EXERCISE INSTRUCTIONS: Only the lines below from the one containing "Gain13 : Gain" to the one containing "Goto10 : Goto" should be repeated, both included and unchanged.

INFORMATION SHOWN:
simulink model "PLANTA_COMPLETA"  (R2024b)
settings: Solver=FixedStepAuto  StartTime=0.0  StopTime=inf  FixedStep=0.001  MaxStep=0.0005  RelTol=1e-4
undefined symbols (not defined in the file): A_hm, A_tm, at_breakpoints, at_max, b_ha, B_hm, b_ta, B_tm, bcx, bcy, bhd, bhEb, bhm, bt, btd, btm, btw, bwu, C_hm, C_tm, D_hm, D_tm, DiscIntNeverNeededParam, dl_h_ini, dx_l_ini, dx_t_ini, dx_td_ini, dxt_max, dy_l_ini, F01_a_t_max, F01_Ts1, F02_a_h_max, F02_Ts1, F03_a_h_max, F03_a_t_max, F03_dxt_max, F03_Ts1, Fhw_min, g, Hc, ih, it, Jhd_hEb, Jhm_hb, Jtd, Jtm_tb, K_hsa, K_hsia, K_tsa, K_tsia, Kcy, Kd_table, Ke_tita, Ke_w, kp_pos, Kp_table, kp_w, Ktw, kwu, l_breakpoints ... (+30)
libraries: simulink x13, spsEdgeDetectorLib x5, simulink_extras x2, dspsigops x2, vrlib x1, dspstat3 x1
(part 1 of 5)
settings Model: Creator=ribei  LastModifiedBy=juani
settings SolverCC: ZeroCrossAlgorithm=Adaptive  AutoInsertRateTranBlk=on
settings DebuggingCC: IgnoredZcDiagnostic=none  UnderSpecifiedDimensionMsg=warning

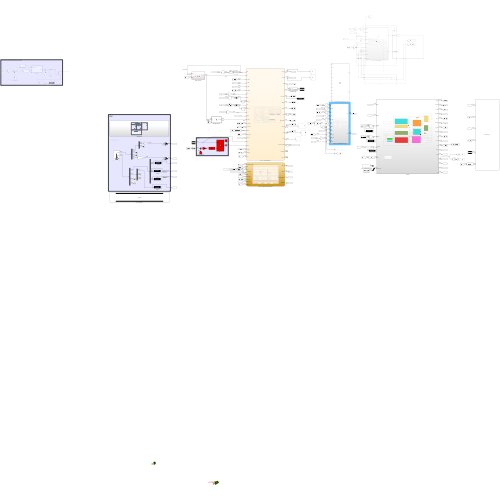
[thumbnail: Simulink's stored preview of the top-level diagram]
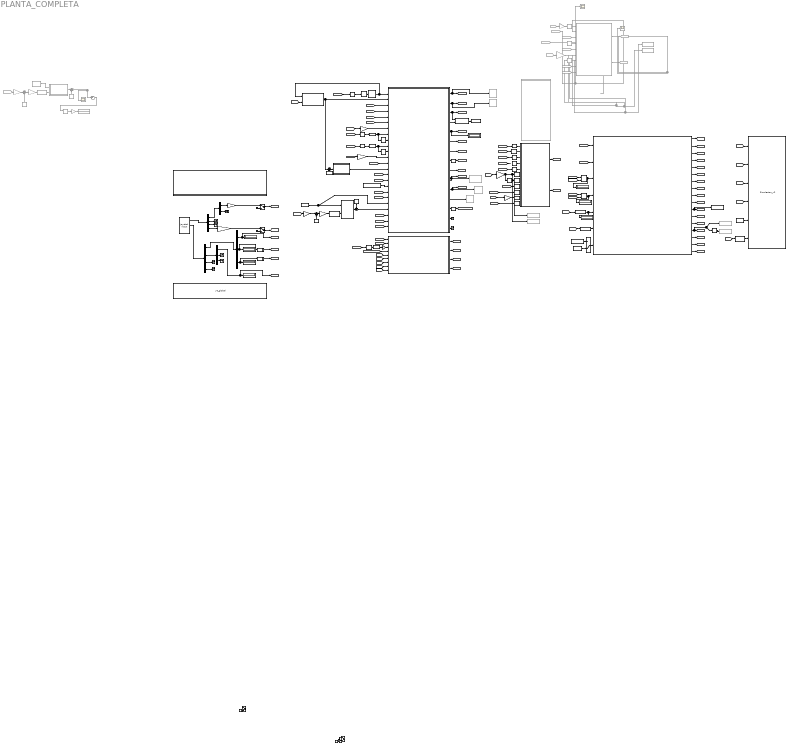
== system PLANTA_COMPLETA ==
  note: SOLO PARA PROBAR ESTIMADOR DE MASA
  note: HMI
  note: LIDAR
  note: CONTROL
  AND : Logic  IconShape=distinctive  AllPortsSameDT=off  OutDataTypeStr=boolean
  AND1 : Logic  IconShape=distinctive  AllPortsSameDT=off  OutDataTypeStr=boolean
  Actualizar perfil : Subsystem
  Ajuste referencia : Constant  Value=30
  Ajuste referencia1 : Constant  Commented=on  Value=30
  Boton A : Display
  Boton B : Display
  Boton X : Display
  Boton Y : Display
  Calculo : MATLAB Function  Commented=on  TreatAsAtomicUnit=on
  Cast : DataTypeConversion  OutDataTypeStr=boolean  SaturateOnIntegerOverflow=off  RndMeth=Floor
  Cast To Boolean : DataTypeConversion  OutDataTypeStr=boolean  SaturateOnIntegerOverflow=off  RndMeth=Floor
  Cast1 : DataTypeConversion  OutDataTypeStr=boolean  SaturateOnIntegerOverflow=off  RndMeth=Floor
  Constant : Constant
  Constant{1..2,18..19,28} (5 alike) : Constant  Value=0  SampleTime=T_s1
  Constant15 : Constant  Value=Yt0
  Constant3 : Constant  Commented=on  Value=Ms
  Constant4 : Constant  Value=30.7948720557058
  Constant5 : Constant  Commented=on
  Constant9 : Constant  Value=Ms
  DASHBOARD : Subsystem
  Data Store Read1 : DataStoreRead  DataStoreName=y0_global  IndexOptions=Index vector (dialog)  Indices=1  OutputSizes=1
  Data Store Read2 : DataStoreRead  DataStoreName=y0_global  IndexOptions=Index vector (dialog)  Indices=1  OutputSizes=1
  Data Store Write : DataStoreWrite  DataStoreName=y0_global  IndexOptions=Index vector (dialog)  Indices=1  OutputSizes=1
  Data Type Conversion : DataTypeConversion  OutDataTypeStr=int32  RndMeth=Ceiling  SaturateOnIntegerOverflow=off
  Data Type Conversion1 : DataTypeConversion  Commented=on  OutDataTypeStr=int32  RndMeth=Ceiling  SaturateOnIntegerOverflow=off
  Delay1 : Delay  DelayLength=1  InputProcessing=Columns as channels (frame based)  SampleTime=T_s1
  Delay2 : Delay  DelayLength=1  InputProcessing=Columns as channels (frame based)  SampleTime=T_s1
  Demux : Demux
  Demux1 : Demux  Outputs=2
  Demux2 : Demux
  Demux3 : Demux  Outputs=3
  Demux4 : Demux  Outputs=3
  Derivative : Derivative  Commented=on
  Derivative1 : Derivative  Commented=on
  Derivative2 : Derivative
  Derivative3 : Derivative
  Discrete Derivative : simulink/Discrete/Discrete Derivative  gainval=1.0  ICPrevScaledInput=0.0  OutMin=[]  OutMax=[]  OutDataType=fixdt(1, 16)  OutScaling=2^-10  DoSatur=off
  Discrete Derivative1 : simulink/Discrete/Discrete Derivative  gainval=1.0  ICPrevScaledInput=0.0  OutMin=[]  OutMax=[]  OutDataType=fixdt(1, 16)  OutScaling=2^-10  DoSatur=off
  Discrete Derivative2 : simulink/Discrete/Discrete Derivative  gainval=1.0  ICPrevScaledInput=0.0  OutMin=[]  OutMax=[]  OutDataType=fixdt(1, 16)  OutScaling=2^-10  DoSatur=off
  Display{,2..4} (4 alike) : Display
  Display1 : Display  Commented=on
  Divide : Product  Commented=on  Inputs=*/
  Enclavamiento : Stateflow chart  TreatAsAtomicUnit=on
  Enclavamiento1 : Stateflow chart  TreatAsAtomicUnit=on
  From1 : From  Commented=on  GotoTag=tita_l
  From11 : From  Commented=on  GotoTag=dxt_ref
  From15 : From  Commented=on  GotoTag=Ml_estimada
  From2 : From  Commented=on  GotoTag=tita_tm
  From21 : From  Commented=on  GotoTag=bal_control
  From22 : From  Commented=on  GotoTag=ddxt_ref
  From3 : From  Commented=on  GotoTag=tita_hm
  From44 : From  Commented=on  GotoTag=dlh_ref
  From5 : From  Commented=on  GotoTag=tita_tm
  Gain : Gain  Gain=1/Wc
  Gain1 : Gain  Commented=on  Gain=rtd/it
  Gain12 : Gain  Gain=rtd/it
  Gain13 : Gain  Gain=-rhd/(ih*2)
  Gain2 : Gain  Commented=on  Gain=-rhd/(ih*2)
  Gain3 : Gain  Gain=rtd/it
  Gain4 : Gain  Gain=rtd/it
  Gain5 : Gain  Gain=-rhd/(ih*2)
  Gain6 : Gain  Commented=on  Gain=1/Wc
  Gain7 : Gain  Commented=on  Gain=rtd/it
  Gain8 : Gain  Gain=rhd/(-2*ih)
  Gain9 : Gain  Commented=on  Gain=100
  Goto10 : Goto  Commented=on  GotoTag=T_tm
  Goto11 : Goto  Commented=on  GotoTag=T_hm
  Joystick Input : vrlib/Joystick Input  joyid=1  adjustports=on  forcefeed=off
  Level-2 MATLAB S-Function : M-S-Function  FunctionName=Simulacion_v2  Parameters=2.438, 2.591, 1.500, 0.850, 0.750, 7.500, 2.100, 2.500, 'black', 'black', '#E99000', 5.000
  Manual Switch{1..4,11} (5 alike) : ManualSwitch
  Manual Switch5 : ManualSwitch  CurrentSetting=0
  Masa contenedor : Subsystem
  Memory1 : Memory  InheritSampleTime=on
  Memory2 : Memory  InheritSampleTime=on
  Moving Average : dspstat3/Moving Average  Method=Sliding window  ForgettingFactorPort=off  SpecifyWindowLength=on  WindowLength=40  OverlapLength=0  AllowArbitraryInputLength=off  ForgettingFactor=0.9  SimulateUsing=Interpreted execution
  Multiply : Gain  Gain=vt_max
  Multiply1 : Gain  Gain=vh_max_sc
  Nivel 0 - Seguridad o Proteccion : Stateflow chart  TreatAsAtomicUnit=on  SystemSampleTime=T_s0
      settings: PortSchema="{\"entries\":[{\"content\":{\"sides\":[{\"content\":{\"connectorIds\":[\"In6\",\"In9\",\"In8\",\"In7\",\"In1\",\"In2\",\"In3\",\"In5\",\"In4\"]},\"type\":\"ConnectorPlacement.EquallySpacedRectSide\",\"uuid\":\"92abb5b4-7f8d-4d16-9e1c-3f1528aec02e\"},{\"content\":{\"connectorIds\":[\"Out2\",\"Out1\",\"Out3\",\"Out4\"],\"side\":\"RIGHT\"},\"type\":\"ConnectorPlacement.EquallySpacedRectSide\",\"uuid\":\"fdfc4918-925b-4492-9924-9f3ed7c6f0ea\"},{\"content\":{\"side\":\"TOP\"},\"type\":\"ConnectorPlacement.EquallySpacedRectSide\",\"uuid\":\"6cd2c614-9727-439b-b51b-96ebe361e1e6\"},{\"content\":{\"side\":\"BOTTOM\"},\"type\":\"ConnectorPlacement.EquallySpacedRectSide\",\"uuid\":\"c327f02f-ffd6-4494-8eea-bb6a75c04a8c\"}]},\"type\":\"ConnectorPlacement.EquallySpacedConnector\",\"uuid\":\"17c891de-27fd-4863-a62e-79c0c94ffbc9\"}],\"packageUris\":[\"http://schema.mathworks.com/mf0/Connector/R2020b\"],\"version\":\"1.0\"}"
  Nivel 1 - Control Supervisor : Stateflow chart  TreatAsAtomicUnit=on  SystemSampleTime=T_s1
  Nivel 2 - Control Regulatorio : Subsystem  Commented=on
  Nivel 2 - Control Regulatorio + Obs : Subsystem
  Nivel 2: Control Regulatorio1 : MATLAB Function  Commented=on  TreatAsAtomicUnit=on  SystemSampleTime=T_s2
  PLANTA : Subsystem
  Perfil de obstaculos : DataStoreMemory  DataStoreName=y0_global  WriteAfterWriteMsg=warning  InitialValue=y0  ShowAdditionalParam=off  OutDataTypeStr=double
  Scope1 : Scope  Commented=on  NumInputPorts=2
  Scope4 : Scope  Commented=on
  Scope5 : Scope  Commented=on
  Sum : Sum  Inputs=|++
  Sum1 : Sum  Inputs=|++
  Sum2 : Sum  Inputs=+-|
  Sum3 : Sum  Commented=on  Inputs=|++
  Sum4 : Sum  Commented=on  Inputs=|++
  Sum5 : Sum  Commented=on  Inputs=-|+||
  Tapped Delay : simulink/Discrete/Tapped Delay  vinit=0.0  samptime=T_s1  NumDelays=40  DelayOrder=Oldest  includeCurrent=off
  Terminator{,1..8} (9 alike) : Terminator
  To Workspace : ToWorkspace  Commented=on  VariableName=xt_ref  SaveFormat=Timeseries  SampleTime=-1
      settings: Save2DSignal=2-D array (concatenate along first dimension)
  To Workspace1 : ToWorkspace  Commented=on  VariableName=ddxt_ref  SaveFormat=Timeseries  SampleTime=-1
      settings: Save2DSignal=2-D array (concatenate along first dimension)
  To Workspace10 : ToWorkspace  Commented=on  VariableName=l_h_real  SaveFormat=Timeseries  SampleTime=-1
      settings: Save2DSignal=2-D array (concatenate along first dimension)
  To Workspace11 : ToWorkspace  Commented=on  VariableName=dl_h_real  SaveFormat=Timeseries  SampleTime=-1
      settings: Save2DSignal=2-D array (concatenate along first dimension)
  To Workspace2 : ToWorkspace  Commented=on  VariableName=dxt_ref  SaveFormat=Timeseries  SampleTime=-1
      settings: Save2DSignal=2-D array (concatenate along first dimension)
  To Workspace3 : ToWorkspace  Commented=on  VariableName=dlh_ref  SaveFormat=Timeseries  SampleTime=-1
      settings: Save2DSignal=2-D array (concatenate along first dimension)
  To Workspace4 : ToWorkspace  Commented=on  VariableName=lh_ref  SaveFormat=Timeseries  SampleTime=-1
      settings: Save2DSignal=2-D array (concatenate along first dimension)
  To Workspace5 : ToWorkspace  Commented=on  VariableName=x_t_real  SaveFormat=Timeseries  SampleTime=-1
      settings: Save2DSignal=2-D array (concatenate along first dimension)
  To Workspace6 : ToWorkspace  Commented=on  VariableName=l_h_real  SaveFormat=Timeseries  SampleTime=-1
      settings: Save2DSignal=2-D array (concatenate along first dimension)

OUTPUT OF THE EXERCISE:
  Gain13 : Gain  Gain=-rhd/(ih*2)
  Gain2 : Gain  Commented=on  Gain=-rhd/(ih*2)
  Gain3 : Gain  Gain=rtd/it
  Gain4 : Gain  Gain=rtd/it
  Gain5 : Gain  Gain=-rhd/(ih*2)
  Gain6 : Gain  Commented=on  Gain=1/Wc
  Gain7 : Gain  Commented=on  Gain=rtd/it
  Gain8 : Gain  Gain=rhd/(-2*ih)
  Gain9 : Gain  Commented=on  Gain=100
  Goto10 : Goto  Commented=on  GotoTag=T_tm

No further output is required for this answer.